Cuba en la Cumbre: Vergüenza contra dinero

Por: Raúl  Antonio  Capote  

Toda cumbre tiene su abismo, dice un antiguo proverbio andino, en el hecho que nos ocupa, se pudo ver con claridad la certeza de la sabiduría popular.

La Cumbre de Lima, convocada bajo la sombra del águila calva, mostró el inmenso abismo que existe entre los intereses de los pueblos de la Patria Grande y los gobiernos entreguistas y genuflexos del Continente, prestos la mayoría a acatar y hacer suyos el discurso injerencista y colonialista del amo del norte.

Bajo el mando gobierno yanqui y de su ministerio de colonias, la OEA, para vergüenza histórica de quienes se prestaron al juego, se condenó a Venezuela y se alabó el criminal bombardeo a Siria, se intentó legitimar a mercenarios y terroristas y presentarlos como representantes de la sociedad civil cubana.

La Cumbre fue un abismo de vergüenza para los genuflexos vasallos de la doctrina Monroe,  para los pueblos liderados por Cuba fue, una vez más,  la cumbre de la dignidad.

Cuba, Venezuela, Bolivia se irguieron ante el oprobio y Bolívar y Martí cabalgaron por los predios peruanos, seguidos por los pueblos irredentos de Nuestra América, en cuadro cerrado, como la plata en las entrañas de los Andes.

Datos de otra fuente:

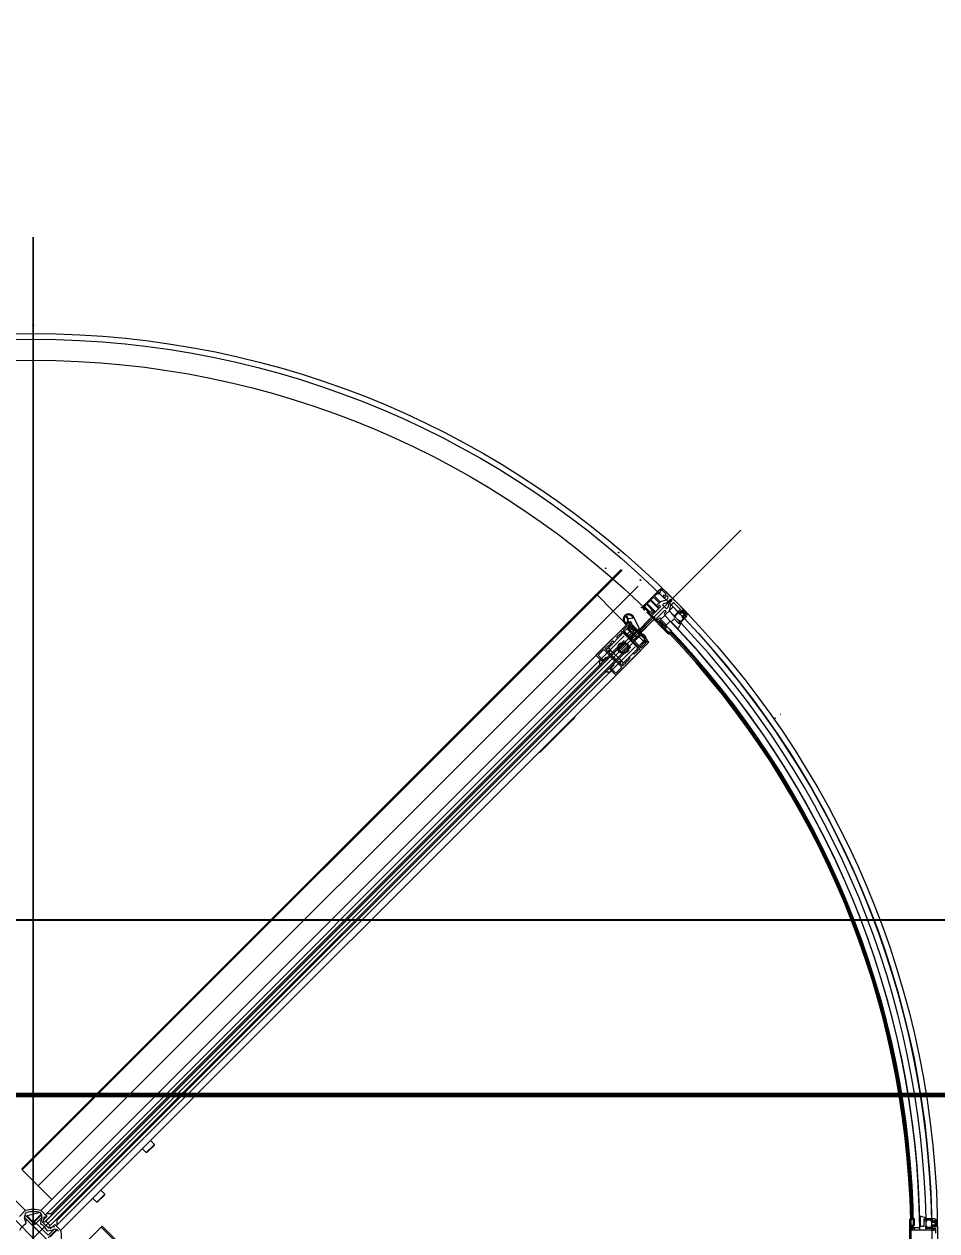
# Model space of a CAD drawing. Extents: x 820 to 5791, y 1495 to 5010.
# Drawn here: x 3153 to 3283, y 2080.7 to 2252.6 of the extents above; entities that cross this region are included whole.
import ezdxf

# ---------------------------------------------------------------- set-up
doc = ezdxf.new("R2010")
doc.units = 0
doc.header["$LTSCALE"] = 20
doc.linetypes.add('CACHE', pattern=[0.375, 0.25, -0.125])
doc.layers.get('0').update_dxf_attribs({"linetype": 'CONTINUOUS', "lineweight": 15})
doc.layers.get('DEFPOINTS').update_dxf_attribs({"linetype": 'CONTINUOUS'})
doc.layers.add('_00_TT_AREA', color=140, linetype='CONTINUOUS', plot=False)
for name, color, linetype, lineweight in [('_00_TT_PLASTER INTERIOR', 60, 'CONTINUOUS', 0), ('DUVAR', 7, 'CONTINUOUS', 60), ('ölç', 63, 'CONTINUOUS', 20)]:
    doc.layers.add(name, color=color, linetype=linetype, lineweight=lineweight)
doc.layers.add('dış ölçü', color=7, linetype='CONTINUOUS', lineweight=20, true_color=0x0d6787)
doc.layers.add('Kiriş', color=7, linetype='CONTINUOUS')
doc.styles.add('TRS', font='times.ttf', dxfattribs={"width": 0.8})
doc.dimstyles.new('dış ölçü', dxfattribs={"dimtxt": 12, "dimasz": 5, "dimexe": 5, "dimexo": 35, "dimgap": 5, "dimtad": 1, "dimdec": 0, "dimdsep": 46, "dimtxsty": 'TRS', "dimblk": 'DOT', "dimcen": 0, "dimdle": 0.1, "dimclrd": 256, "dimclre": 256, "dimclrt": 73, "dimadec": 0, "dimazin": 0, "dimtfac": 0.3, "dimtdec": 0, "dimtix": 1, "dimtmove": 2, "dimatfit": 3, "dimldrblk": 'DOT', "dimfxl": 1, "dimfxlon": 1, "dimtolj": 1, "dimarcsym": 0})

# ---------------------------------------------------------------- blocks, each defined once
blk = doc.blocks.new('_Dot')
at = {"layer": 'ölç', "color": 0, "lineweight": -2}
blk.add_line((-0.5, 0), (-1, 0), dxfattribs=at)
at = {"layer": 'ölç', "color": 0, "const_width": 0.5}
blk.add_lwpolyline([(-0.25, 0, 1), (0.25, 0, 1)], format="xyb", close=True, dxfattribs=at)
blk = doc.blocks.new('*D176')
at = {"layer": 'DEFPOINTS', "color": 0, "transparency": 16777216}
for p in [(2844.18, 2097.04), (3414.39, 2084.55), (3414.39, 1809.28)]:
    blk.add_point(p, dxfattribs=at)
at = {"layer": 'dış ölçü', "lineweight": -2, "transparency": 16777216}
for p, q in [((2844.18, 1810.28), (2844.18, 1804.28)), ((3414.39, 1810.28), (3414.39, 1804.28)), ((2849.18, 1809.28), (3409.39, 1809.28))]:
    blk.add_line(p, q, dxfattribs=at)
at = {"layer": 'dış ölçü', "lineweight": -2, "transparency": 16777216, "xscale": 5, "yscale": 5, "zscale": 5, "rotation": 180}
blk.add_blockref('_Dot', (2844.18, 1809.28), dxfattribs=at)
at = {"layer": 'dış ölçü', "lineweight": -2, "transparency": 16777216, "xscale": 5, "yscale": 5, "zscale": 5}
blk.add_blockref('_Dot', (3414.39, 1809.28), dxfattribs=at)
at = {"layer": 'dış ölçü', "color": 73, "transparency": 16777216, "insert": (3129.28, 1820.4), "char_height": 12, "attachment_point": 5, "style": 'TRS'}
blk.add_mtext('\\A1;570', dxfattribs=at)
blk = doc.blocks.new('*D180')
at = {"layer": 'DEFPOINTS', "color": 0, "transparency": 16777216}
for p in [(3700.97, 2100.04), (2054.29, 2083.44), (3700.97, 1729.28)]:
    blk.add_point(p, dxfattribs=at)
at = {"layer": 'dış ölçü', "lineweight": -2, "transparency": 16777216}
for p, q in [((2054.29, 1730.28), (2054.29, 1724.28)), ((2059.29, 1729.28), (3695.97, 1729.28)), ((3700.97, 1730.28), (3700.97, 1724.28))]:
    blk.add_line(p, q, dxfattribs=at)
at = {"layer": 'dış ölçü', "lineweight": -2, "transparency": 16777216, "xscale": 5, "yscale": 5, "zscale": 5, "rotation": 180}
blk.add_blockref('_Dot', (2054.29, 1729.28), dxfattribs=at)
at = {"layer": 'dış ölçü', "lineweight": -2, "transparency": 16777216, "xscale": 5, "yscale": 5, "zscale": 5}
blk.add_blockref('_Dot', (3700.97, 1729.28), dxfattribs=at)
at = {"layer": 'dış ölçü', "color": 73, "transparency": 16777216, "insert": (2877.63, 1740.4), "char_height": 12, "attachment_point": 5, "style": 'TRS'}
blk.add_mtext('\\A1;1647', dxfattribs=at)
blk = doc.blocks.new('HGJFG')
at = {"color": 9}
for p, q in [((-2010.28, -3148.09), (-2010.28, -3433.19)), ((-1909.48, -3391.44), (-2111.07, -3189.84)), ((-2111.07, -3391.44), (-1909.48, -3189.84)), ((-2010.28, -3328.28), (-2010.28, -3190.25)), ((-2011.94, -3280.85), (-1926.52, -3195.43)), ((-2011.83, -3280.95), (-1926.42, -3195.53)), ((-2009.55, -3283.24), (-1924.13, -3197.82)), ((-1930.06, -3198.97), (-1930.05, -3198.97)), ((-1929.98, -3199.04), (-1930.05, -3198.97)), ((-1929.98, -3199.04), (-1929.95, -3199.07)), ((-1929.95, -3199.07), (-1927.67, -3201.35)), ((-1921.32, -3198.58), (-1923.3, -3200.56)), ((-1922.83, -3200.3), (-1922.38, -3199.85)), ((-1922.38, -3199.85), (-1921.29, -3200.95)), ((-1922.31, -3199.78), (-1921.92, -3199.39)), ((-1921.32, -3200.77), (-1922.31, -3199.78)), ((-1921.92, -3199.39), (-1921.11, -3200.2)), ((-1921.78, -3199.25), (-1921.32, -3198.79)), ((-1920.97, -3200.06), (-1921.78, -3199.25)), ((-1920.95, -3200.04), (-1921.5, -3200.59)), ((-1921.11, -3198.36), (-1921.32, -3198.57)), ((-1921.32, -3198.57), (-1921.17, -3198.71)), ((-1921.06, -3198.84), (-1921.32, -3198.58)), ((-1921.32, -3198.79), (-1921.16, -3198.95)), ((-1921.17, -3198.71), (-1921.11, -3198.65)), ((-1921.16, -3198.95), (-1921.06, -3198.84)), ((-1921.11, -3198.65), (-1921.04, -3198.72)), ((-1921.04, -3198.72), (-1920.93, -3198.61)), ((-1921, -3198.54), (-1920.97, -3198.51)), ((-1920.93, -3198.61), (-1921, -3198.54)), ((-1920.12, -3199.82), (-1920.95, -3200.04)), ((-1920.54, -3198.51), (-1920.12, -3198.93)), ((-1920.44, -3199.11), (-1920.54, -3199.21)), ((-1920.54, -3199.21), (-1920.47, -3199.28)), ((-1920.47, -3199.28), (-1920.51, -3199.32)), ((-1920.51, -3199.32), (-1920.37, -3199.46)), ((-1920.37, -3199.18), (-1920.44, -3199.11)), ((-1917.29, -3201.48), (-1920.4, -3198.36)), ((-1920.12, -3198.93), (-1920.37, -3199.18)), ((-1920.37, -3199.46), (-1920.05, -3199.14)), ((-1919.89, -3199.58), (-1920.12, -3199.82)), ((-1920.05, -3199.14), (-1919.89, -3199.3)), ((-1919.98, -3200.13), (-1919.52, -3199.67)), ((-1919.31, -3199.89), (-1919.77, -3200.34)), ((-1919.52, -3199.67), (-1919.31, -3199.89)), ((-1926.24, -3202.78), (-1927.67, -3201.35)), ((-1923.3, -3201.12), (-1923.25, -3201.18)), ((-1923.23, -3200.7), (-1922.93, -3200.4)), ((-1922.42, -3201.51), (-1923.23, -3200.7)), ((-1923.21, -3201.03), (-1923.13, -3200.95)), ((-1923.16, -3201.09), (-1923.21, -3201.03)), ((-1923.18, -3201.18), (-1923.16, -3201.16)), ((-1923.13, -3200.95), (-1922.63, -3201.44)), ((-1922.93, -3200.4), (-1921.87, -3201.46)), ((-1922.84, -3201.48), (-1922.86, -3201.49)), ((-1922.86, -3201.56), (-1919.84, -3204.59)), ((-1921.7, -3201.43), (-1922.83, -3200.3)), ((-1922.72, -3201.53), (-1922.77, -3201.48)), ((-1922.63, -3201.44), (-1922.72, -3201.53)), ((-1922.14, -3201.23), (-1922.54, -3201.63)), ((-1922.54, -3201.63), (-1922.42, -3201.51)), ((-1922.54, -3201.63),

Cuba llamó a la lucha por la unidad, enfrentó calumnias e intentos de silenciar la voz de sus oradores, denunció las campañas contra Venezuela, defendió principios y verdades, sin miedo, con argumentos, ocupó los espacios que legítimamente le pertenecen y expulsó de ellos a los traidores.

Brillo la moral del pueblo de Fidel y de Raúl, esa fue la fuerza contra la que se estrelló la voz de los mercenarios.

Alguien preguntó a uno de los integrantes de la Delegación Cubana a la Cumbre de los Pueblos, con qué contábamos los cubanos para vencer a la coalición de la derecha continental y este le contestó como un relámpago, usando la frase de El Mayor “Con la vergüenza de los cubanos” y otro agregó, “Vergüenza contra Dinero, eso es esta Cumbre, es la cumbre de la vergüenza y la dignidad de la América Nuestra, frente al dinero del Imperio”

Cumbres y abismos, dignidad y verdad frente a la bajeza, la calumnia y el miedo de los cipayos.

Por las calles de Lima ondeó libre la bandera de la estrella solitaria, se escucharon los cantos y consignas de la juventud libre de Cuba, se oyó la rumba rebelde y se bailó al compás de nuestro son,  se sintió la alegría de un pueblo orgulloso y solidario, que tendió la mano a todo el que quiso estrecharla, pero que rechazó indignado cualquier intento de mancilla.

Pinos viejos y pinos nuevos se juntaron, como lo que son, esa arcilla moldeada con el amor de siglos de lucha, de historia, de anhelos de ver crecer soberana a la Patria

Brilló la cultura, la educación, la sensibilidad, la pasión propia de nuestra esencia. Fuimos en Lima la voz de los sin voz. La Cuba de Martí y Fidel fue la cumbre y tendió puentes frente al abismo. Allá estuvo Roa en la voz de nuestro Canciller y Raúl en la de nuestros jóvenes, todos con la mirada y el corazón puestos en la patria siempre cercana, seguros de nos contemplaba orgullosa.